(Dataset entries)
════════════════════
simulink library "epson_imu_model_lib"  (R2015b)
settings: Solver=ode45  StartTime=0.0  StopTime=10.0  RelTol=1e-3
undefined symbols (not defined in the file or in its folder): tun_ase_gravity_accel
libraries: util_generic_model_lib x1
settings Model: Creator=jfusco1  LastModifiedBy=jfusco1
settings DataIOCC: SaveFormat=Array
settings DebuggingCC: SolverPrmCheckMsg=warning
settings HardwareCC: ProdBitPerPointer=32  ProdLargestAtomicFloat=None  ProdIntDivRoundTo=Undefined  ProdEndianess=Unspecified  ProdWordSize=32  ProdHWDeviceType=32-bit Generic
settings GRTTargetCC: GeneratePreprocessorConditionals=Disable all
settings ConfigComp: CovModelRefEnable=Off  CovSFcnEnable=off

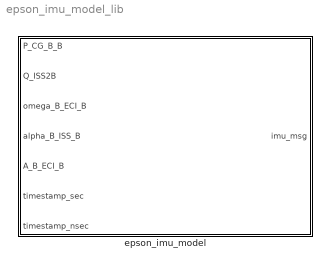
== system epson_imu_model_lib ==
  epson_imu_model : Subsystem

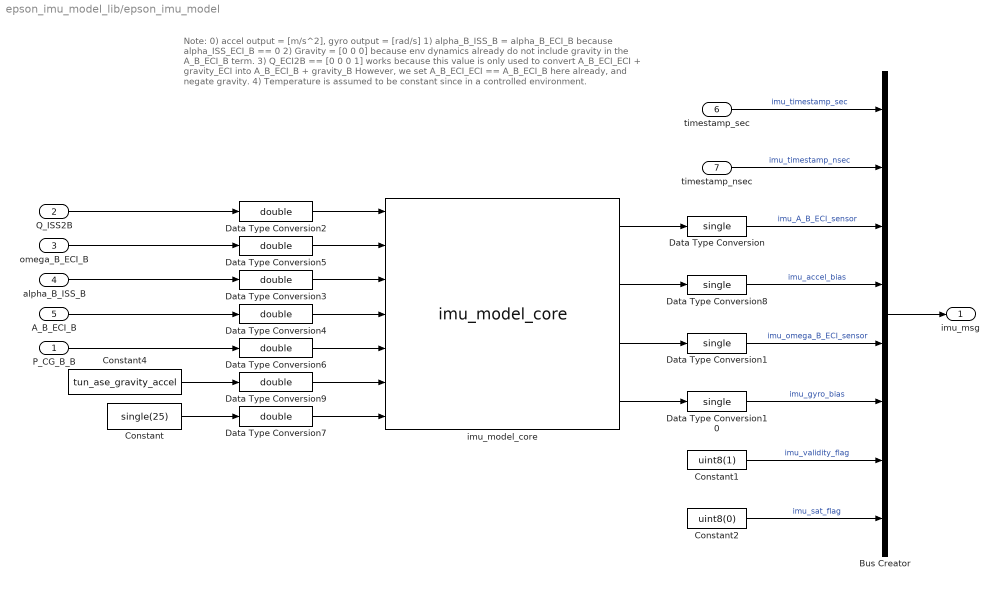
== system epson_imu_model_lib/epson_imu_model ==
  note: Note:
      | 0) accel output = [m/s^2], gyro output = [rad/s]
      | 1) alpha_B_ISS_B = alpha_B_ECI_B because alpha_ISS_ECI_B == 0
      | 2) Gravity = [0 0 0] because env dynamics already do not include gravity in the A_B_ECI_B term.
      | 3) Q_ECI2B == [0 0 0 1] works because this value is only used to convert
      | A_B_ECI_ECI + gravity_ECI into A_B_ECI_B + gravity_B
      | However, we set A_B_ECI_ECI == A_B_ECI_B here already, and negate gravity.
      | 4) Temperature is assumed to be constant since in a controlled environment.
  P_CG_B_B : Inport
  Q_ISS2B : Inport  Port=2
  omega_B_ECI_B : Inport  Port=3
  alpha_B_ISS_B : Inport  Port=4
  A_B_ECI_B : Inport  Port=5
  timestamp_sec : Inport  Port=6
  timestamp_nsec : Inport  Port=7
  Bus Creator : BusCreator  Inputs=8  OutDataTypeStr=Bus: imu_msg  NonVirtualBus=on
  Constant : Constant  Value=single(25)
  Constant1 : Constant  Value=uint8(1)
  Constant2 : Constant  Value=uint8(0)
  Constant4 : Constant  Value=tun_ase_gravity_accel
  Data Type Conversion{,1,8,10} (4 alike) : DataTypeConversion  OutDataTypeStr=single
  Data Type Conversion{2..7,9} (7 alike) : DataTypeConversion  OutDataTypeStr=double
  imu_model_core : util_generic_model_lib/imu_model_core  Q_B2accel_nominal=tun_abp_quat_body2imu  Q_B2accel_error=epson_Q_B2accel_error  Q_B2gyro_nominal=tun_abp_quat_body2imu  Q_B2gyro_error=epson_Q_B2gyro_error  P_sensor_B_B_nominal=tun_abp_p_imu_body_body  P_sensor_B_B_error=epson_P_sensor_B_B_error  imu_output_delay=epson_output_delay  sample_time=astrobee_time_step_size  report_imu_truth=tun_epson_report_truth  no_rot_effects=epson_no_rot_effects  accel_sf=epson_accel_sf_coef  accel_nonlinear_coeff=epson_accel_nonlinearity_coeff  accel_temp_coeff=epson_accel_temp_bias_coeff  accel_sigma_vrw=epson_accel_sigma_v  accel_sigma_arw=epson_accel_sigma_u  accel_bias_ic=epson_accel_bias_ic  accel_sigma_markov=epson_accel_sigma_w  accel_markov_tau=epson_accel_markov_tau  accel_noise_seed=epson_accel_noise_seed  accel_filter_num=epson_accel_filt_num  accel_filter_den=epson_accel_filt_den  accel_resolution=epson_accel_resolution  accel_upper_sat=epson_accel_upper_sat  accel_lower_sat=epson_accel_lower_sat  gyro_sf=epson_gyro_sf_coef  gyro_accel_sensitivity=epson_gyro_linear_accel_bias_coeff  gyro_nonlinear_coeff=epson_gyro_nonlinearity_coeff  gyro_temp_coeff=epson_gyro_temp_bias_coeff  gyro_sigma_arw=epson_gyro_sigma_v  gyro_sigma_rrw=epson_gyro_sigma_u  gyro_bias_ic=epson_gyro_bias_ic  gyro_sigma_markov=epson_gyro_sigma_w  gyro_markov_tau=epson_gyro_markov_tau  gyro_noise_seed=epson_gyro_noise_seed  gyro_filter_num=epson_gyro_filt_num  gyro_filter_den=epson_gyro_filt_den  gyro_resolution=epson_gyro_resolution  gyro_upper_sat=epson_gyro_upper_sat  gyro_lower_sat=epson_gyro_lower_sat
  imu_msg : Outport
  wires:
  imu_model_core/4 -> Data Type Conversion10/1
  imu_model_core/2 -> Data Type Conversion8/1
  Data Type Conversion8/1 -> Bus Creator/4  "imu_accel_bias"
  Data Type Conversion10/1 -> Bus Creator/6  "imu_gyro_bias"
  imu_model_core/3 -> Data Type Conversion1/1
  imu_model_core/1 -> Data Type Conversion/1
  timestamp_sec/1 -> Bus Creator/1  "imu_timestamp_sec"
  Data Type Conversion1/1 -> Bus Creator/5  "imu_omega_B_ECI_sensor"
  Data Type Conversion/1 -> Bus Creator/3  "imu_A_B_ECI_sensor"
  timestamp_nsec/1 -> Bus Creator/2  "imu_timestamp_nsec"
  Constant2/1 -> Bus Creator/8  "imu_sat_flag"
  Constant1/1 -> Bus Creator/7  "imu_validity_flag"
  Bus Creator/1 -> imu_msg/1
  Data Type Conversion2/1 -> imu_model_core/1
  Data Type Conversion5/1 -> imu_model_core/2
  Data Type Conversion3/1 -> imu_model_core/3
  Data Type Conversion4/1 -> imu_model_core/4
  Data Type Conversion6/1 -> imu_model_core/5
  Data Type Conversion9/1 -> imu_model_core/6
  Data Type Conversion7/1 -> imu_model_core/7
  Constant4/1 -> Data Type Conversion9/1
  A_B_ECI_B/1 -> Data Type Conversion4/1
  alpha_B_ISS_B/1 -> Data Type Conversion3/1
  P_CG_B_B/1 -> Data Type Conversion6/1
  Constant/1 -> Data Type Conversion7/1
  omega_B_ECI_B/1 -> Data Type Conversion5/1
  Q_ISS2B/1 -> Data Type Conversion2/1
════════════════════
### What to do
When you repeat the lines above, keep them exact and leave out each image they contain.

### Task result
simulink library "epson_imu_model_lib"  (R2015b)
settings: Solver=ode45  StartTime=0.0  StopTime=10.0  RelTol=1e-3
undefined symbols (not defined in the file or in its folder): tun_ase_gravity_accel
libraries: util_generic_model_lib x1
settings Model: Creator=jfusco1  LastModifiedBy=jfusco1
settings DataIOCC: SaveFormat=Array
settings DebuggingCC: SolverPrmCheckMsg=warning
settings HardwareCC: ProdBitPerPointer=32  ProdLargestAtomicFloat=None  ProdIntDivRoundTo=Undefined  ProdEndianess=Unspecified  ProdWordSize=32  ProdHWDeviceType=32-bit Generic
settings GRTTargetCC: GeneratePreprocessorConditionals=Disable all
settings ConfigComp: CovModelRefEnable=Off  CovSFcnEnable=off

== system epson_imu_model_lib ==
  epson_imu_model : Subsystem

== system epson_imu_model_lib/epson_imu_model ==
  note: Note:
      | 0) accel output = [m/s^2], gyro output = [rad/s]
      | 1) alpha_B_ISS_B = alpha_B_ECI_B because alpha_ISS_ECI_B == 0
      | 2) Gravity = [0 0 0] because env dynamics already do not include gravity in the A_B_ECI_B term.
      | 3) Q_ECI2B == [0 0 0 1] works because this value is only used to convert
      | A_B_ECI_ECI + gravity_ECI into A_B_ECI_B + gravity_B
      | However, we set A_B_ECI_ECI == A_B_ECI_B here already, and negate gravity.
      | 4) Temperature is assumed to be constant since in a controlled environment.
  P_CG_B_B : Inport
  Q_ISS2B : Inport  Port=2
  omega_B_ECI_B : Inport  Port=3
  alpha_B_ISS_B : Inport  Port=4
  A_B_ECI_B : Inport  Port=5
  timestamp_sec : Inport  Port=6
  timestamp_nsec : Inport  Port=7
  Bus Creator : BusCreator  Inputs=8  OutDataTypeStr=Bus: imu_msg  NonVirtualBus=on
  Constant : Constant  Value=single(25)
  Constant1 : Constant  Value=uint8(1)
  Constant2 : Constant  Value=uint8(0)
  Constant4 : Constant  Value=tun_ase_gravity_accel
  Data Type Conversion{,1,8,10} (4 alike) : DataTypeConversion  OutDataTypeStr=single
  Data Type Conversion{2..7,9} (7 alike) : DataTypeConversion  OutDataTypeStr=double
  imu_model_core : util_generic_model_lib/imu_model_core  Q_B2accel_nominal=tun_abp_quat_body2imu  Q_B2accel_error=epson_Q_B2accel_error  Q_B2gyro_nominal=tun_abp_quat_body2imu  Q_B2gyro_error=epson_Q_B2gyro_error  P_sensor_B_B_nominal=tun_abp_p_imu_body_body  P_sensor_B_B_error=epson_P_sensor_B_B_error  imu_output_delay=epson_output_delay  sample_time=astrobee_time_step_size  report_imu_truth=tun_epson_report_truth  no_rot_effects=epson_no_rot_effects  accel_sf=epson_accel_sf_coef  accel_nonlinear_coeff=epson_accel_nonlinearity_coeff  accel_temp_coeff=epson_accel_temp_bias_coeff  accel_sigma_vrw=epson_accel_sigma_v  accel_sigma_arw=epson_accel_sigma_u  accel_bias_ic=epson_accel_bias_ic  accel_sigma_markov=epson_accel_sigma_w  accel_markov_tau=epson_accel_markov_tau  accel_noise_seed=epson_accel_noise_seed  accel_filter_num=epson_accel_filt_num  accel_filter_den=epson_accel_filt_den  accel_resolution=epson_accel_resolution  accel_upper_sat=epson_accel_upper_sat  accel_lower_sat=epson_accel_lower_sat  gyro_sf=epson_gyro_sf_coef  gyro_accel_sensitivity=epson_gyro_linear_accel_bias_coeff  gyro_nonlinear_coeff=epson_gyro_nonlinearity_coeff  gyro_temp_coeff=epson_gyro_temp_bias_coeff  gyro_sigma_arw=epson_gyro_sigma_v  gyro_sigma_rrw=epson_gyro_sigma_u  gyro_bias_ic=epson_gyro_bias_ic  gyro_sigma_markov=epson_gyro_sigma_w  gyro_markov_tau=epson_gyro_markov_tau  gyro_noise_seed=epson_gyro_noise_seed  gyro_filter_num=epson_gyro_filt_num  gyro_filter_den=epson_gyro_filt_den  gyro_resolution=epson_gyro_resolution  gyro_upper_sat=epson_gyro_upper_sat  gyro_lower_sat=epson_gyro_lower_sat
  imu_msg : Outport
  wires:
  imu_model_core/4 -> Data Type Conversion10/1
  imu_model_core/2 -> Data Type Conversion8/1
  Data Type Conversion8/1 -> Bus Creator/4  "imu_accel_bias"
  Data Type Conversion10/1 -> Bus Creator/6  "imu_gyro_bias"
  imu_model_core/3 -> Data Type Conversion1/1
  imu_model_core/1 -> Data Type Conversion/1
  timestamp_sec/1 -> Bus Creator/1  "imu_timestamp_sec"
  Data Type Conversion1/1 -> Bus Creator/5  "imu_omega_B_ECI_sensor"
  Data Type Conversion/1 -> Bus Creator/3  "imu_A_B_ECI_sensor"
  timestamp_nsec/1 -> Bus Creator/2  "imu_timestamp_nsec"
  Constant2/1 -> Bus Creator/8  "imu_sat_flag"
  Constant1/1 -> Bus Creator/7  "imu_validity_flag"
  Bus Creator/1 -> imu_msg/1
  Data Type Conversion2/1 -> imu_model_core/1
  Data Type Conversion5/1 -> imu_model_core/2
  Data Type Conversion3/1 -> imu_model_core/3
  Data Type Conversion4/1 -> imu_model_core/4
  Data Type Conversion6/1 -> imu_model_core/5
  Data Type Conversion9/1 -> imu_model_core/6
  Data Type Conversion7/1 -> imu_model_core/7
  Constant4/1 -> Data Type Conversion9/1
  A_B_ECI_B/1 -> Data Type Conversion4/1
  alpha_B_ISS_B/1 -> Data Type Conversion3/1
  P_CG_B_B/1 -> Data Type Conversion6/1
  Constant/1 -> Data Type Conversion7/1
  omega_B_ECI_B/1 -> Data Type Conversion5/1
  Q_ISS2B/1 -> Data Type Conversion2/1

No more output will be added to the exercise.